Right now, we are only at the beginning of understanding what we observe. We can identify stromal cells, cancer cells, and immune cells, and even characterize their spatial organization. But it will be crucial to understand the underlying metabolic drivers – for example, how glucose metabolism and hypoxia signatures influence immune cell survival and function within the microenvironment (and cancer growth!).
There are also other factors being explored, like the microbiome. Some researchers suggest that the intratumoral microbiome may play an important role in shaping tumor immunogenicity. And beyond that, there are likely many elements we still don’t fully understand.
How do you view the interplay between immunogenic cell death and antigen presentation in shaping durable responses to cell therapies – are there overlooked mechanisms we should rethink?
Good point. That’s actually one of the strong hypotheses driving efforts to enhance immune responses to therapies. There are many concepts where you combine or lead in with an adjunctive strategy – for example, radiotherapy or intralesional viral therapy – aiming to cause tumor cell death, promote immune infiltration, and attract T-cell penetration into the tumor. We see this as one potential strategy, but it still needs full validation. Clinical trials are testing these hypotheses, so the jury is still out on whether these approaches will help move the field further forward.
Another important point is that we often think of the tumor versus the immune system in a very one-dimensional way. In reality, many patients have metastases in multiple sites, and what happens in one location can differ from another. For instance, in melanoma, metastases in the liver may respond to immunotherapy very differently than those in the lungs, bones, or other tissues. All of these factors need to be considered when evaluating strategies to improve response.
For my final question: looking back, what would you say was the biggest lesson you learned that most deepened your understanding of how these therapies fight cancer?

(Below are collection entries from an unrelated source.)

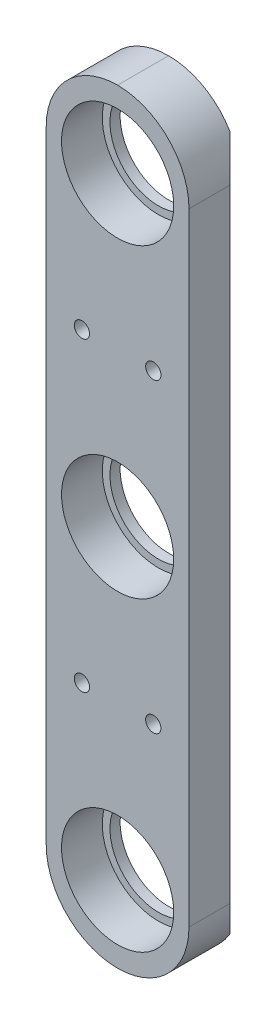
SolidWorks part; units mm, degrees
ref_plane "Alzado" through (0, 0, 0) normal (1, 0, 0) x (0, 1, 0)
ref_plane "Planta" through (0, 0, 0) normal (0, 0, 1) x (0, 1, 0)
ref_plane "Vista lateral" through (0, 0, 0) normal (0, 1, 0) x (-1, 0, 0)
sketch "Croquis1" plane through (0, 0, 0) normal (0, 0, 1) x (0, 1, 0)
  line L1 (75, 14) -> (-75, 14)
  line L2 (75, 14) -> (75, -14)
  line L3 (75, -14) -> (-75, -14)
  line L4 (-75, 14) -> (-75, -14)
  line L5 (0, -14) -> (0, 14) construction
  line L6 (75, 0) -> (-75, 0) construction
  circle A0 centre (0, 0) radius 11
  circle A1 centre (60, 0) radius 11
  circle A2 centre (-60, 0) radius 11
  point P0 (0, 0)
  dimension "D3" = 22
  dimension "D1" = 28
  dimension "D2" = 150
  dimension "D4" = 2
  dimension "D5" = 2
extrude "Saliente-Extruir1" add sketch "Croquis1" along normal blind 10
sketch "Croquis2" plane through (0, 0, 0) normal (0, 0, 1) x (0, 1, 0)
  line L1 (-75, 14) -> (75, 14)
  line L2 (-75, 14) -> (-75, -14)
  line L3 (-75, -14) -> (75, -14)
  line L4 (75, 14) -> (75, -14)
  circle A0 centre (0, 0) radius 9.5
  circle A1 centre (60, 0) radius 9.5
  circle A2 centre (-60, 0) radius 9.5
  dimension "D1" = 19
  dimension "D2" = 2
  dimension "D3" = 2
extrude "Saliente-Extruir2" add sketch "Croquis2" along normal blind 2
chamfer "Chaflán1" distance 2 angle 45 1 edges at (14, 0, 0)
fillet "Redondeo1" radius 14 4 edges at (14, 75, 6) (-14, 75, 5) (14, -75, 6) (-14, -75, 5)
sketch "Croquis3" plane through (0, 0, 10) normal (0, 0, 1) x (1, 0, 0)
  line L0 (-14, 0) -> (14, 0) construction
  line L1 (-14, 61) -> (-14, -61) construction
  line L2 (14, -61) -> (14, 61) construction
  line L3 (0, 0) -> (0, 30) construction
  line L4 (0, 30) -> (-7, 30) construction
  circle A0 centre (-7, 30) radius 1.5
  circle A1 centre (7, 30) radius 1.5
  circle A2 centre (7, -30) radius 1.5
  circle A3 centre (-7, -30) radius 1.5
  dimension "D3" = 3
  dimension "D1" = 30
  dimension "D2" = 7
extrude "Cortar-Extruir1" cut sketch "Croquis3" against normal up to next

My biggest lesson is to keep an open mind. As evidence-driven clinicians and/or scientists, we tend to rely heavily on published data, on what we know historically, and have studied for years. Sometimes that creates a very rigid understanding of things. But in the field of immunotherapy and in particular, cellular therapies, surprises can happen, and you need to be ready to think outside the box. That’s difficult for someone like me who is trained to work within structured systems and frameworks. Observing patients directly, standing at that translational boundary between research and clinic, teaches you a lot – you learn from every patient, and sometimes you just have to be prepared for the unexpected.
Another major lesson is appreciating the value of interdisciplinary expertise. While fundamental principles from surgeons, hematologists, and oncologists remain crucial, the field increasingly benefits from novel perspectives – AI, machine learning, mathematical modeling, physicists, etc. For example, engineers working in nanoparticles can bring fresh ways to improve immunogenicity. The key is to work collaboratively and with patients in mind, and together, finding ways to combine the best expertise to tackle extremely complex problems. Without that, we risk staying stuck in the same paradigms rather than truly innovating.